[Collected data entries]
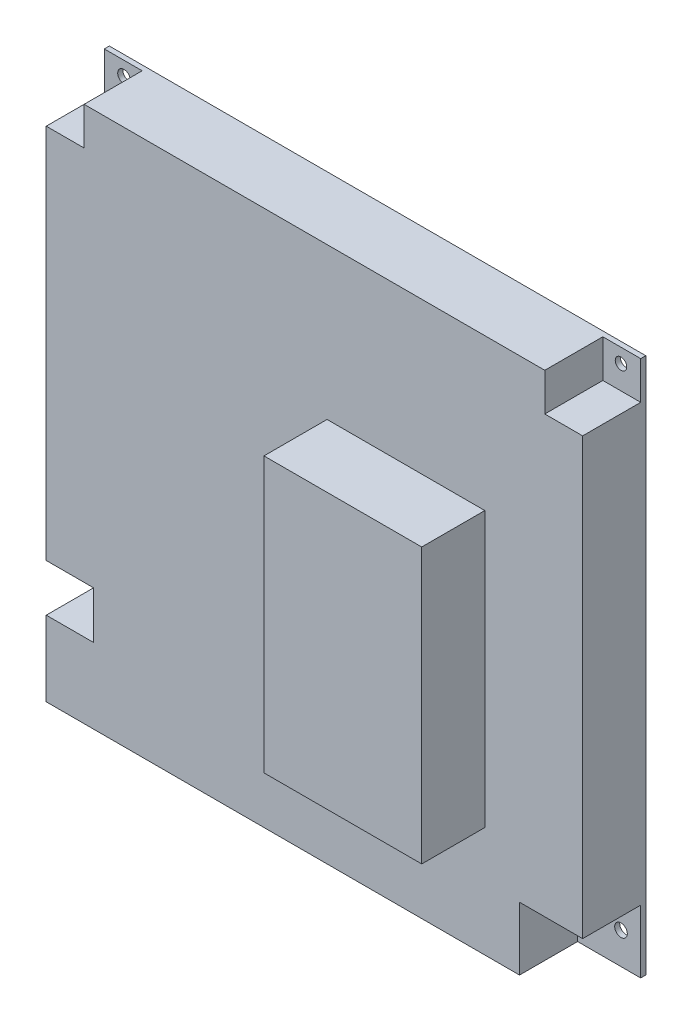
from build123d import *

# Parameters (mm, degrees)
SKETCH_1_W          = 170
SKETCH_1_H          = 170
EXTRUDE_1_DEPTH     = 20
SKETCH_2_W          = 20
SKETCH_2_H          = 20
SKETCH_2_W_2        = 12
SKETCH_2_H_2        = 12
SKETCH_2_W_3        = 15
SKETCH_2_H_3        = 15
CUT_EXTRUDE_1_DEPTH = 18.4
SKETCH_3_R          = 2
SKETCH_3_R_2        = 1.82271494
CUT_EXTRUDE_2_DEPTH = 18.4
SKETCH_4_W          = 50
SKETCH_4_H          = 87
EXTRUDE_2_DEPTH     = 20


with BuildPart() as part:
    # 草圖1 → 填料-伸長1 (new body)
    with BuildSketch(Plane.XY):
        Rectangle(SKETCH_1_W, SKETCH_1_H)
    extrude(amount=EXTRUDE_1_DEPTH)

    # 草圖2 → 除料-伸長1 (cut)
    with BuildSketch(Plane.XY.offset(20)):
        with Locations((75, -75)):
            Rectangle(SKETCH_2_W, SKETCH_2_H)
        with Locations((79, 79)):
            Rectangle(SKETCH_2_W_2, SKETCH_2_H_2)
        with Locations((-79, 79)):
            Rectangle(SKETCH_2_W_2, SKETCH_2_H_2)
        with Locations((-77.5, -53.711717692)):
            Rectangle(SKETCH_2_W_3, SKETCH_2_H_3)
    extrude(amount=-CUT_EXTRUDE_1_DEPTH, mode=Mode.SUBTRACT)

    # 草圖3 → 除料-伸長2 (cut)
    with BuildSketch(Plane.XY.offset(1.6)):
        with Locations((78.75, -75)):
            Circle(SKETCH_3_R)
        with Locations((78.75, 80.5)):
            Circle(SKETCH_3_R_2)
        with Locations((-78.75, 80.5)):
            Circle(SKETCH_3_R)
        with Locations((-78.75, -51.5)):
            Circle(SKETCH_3_R)
    extrude(amount=-CUT_EXTRUDE_2_DEPTH, mode=Mode.SUBTRACT)

    # 草圖4 → 填料-伸長2 (add)
    with BuildSketch(Plane.XY.offset(20)):
        with Locations((29, -6.5)):
            Rectangle(SKETCH_4_W, SKETCH_4_H)
    extrude(amount=EXTRUDE_2_DEPTH)


solid = part.part

§ Task item
From the opening line of the entries, copy each line exactly until the line with "# 草圖2 → 除料-伸長1 (cut)", which is copied as well; leave out pictures.

§ Answer for this exercise
from build123d import *

# Parameters (mm, degrees)
SKETCH_1_W          = 170
SKETCH_1_H          = 170
EXTRUDE_1_DEPTH     = 20
SKETCH_2_W          = 20
SKETCH_2_H          = 20
SKETCH_2_W_2        = 12
SKETCH_2_H_2        = 12
SKETCH_2_W_3        = 15
SKETCH_2_H_3        = 15
CUT_EXTRUDE_1_DEPTH = 18.4
SKETCH_3_R          = 2
SKETCH_3_R_2        = 1.82271494
CUT_EXTRUDE_2_DEPTH = 18.4
SKETCH_4_W          = 50
SKETCH_4_H          = 87
EXTRUDE_2_DEPTH     = 20


with BuildPart() as part:
    # 草圖1 → 填料-伸長1 (new body)
    with BuildSketch(Plane.XY):
        Rectangle(SKETCH_1_W, SKETCH_1_H)
    extrude(amount=EXTRUDE_1_DEPTH)

    # 草圖2 → 除料-伸長1 (cut)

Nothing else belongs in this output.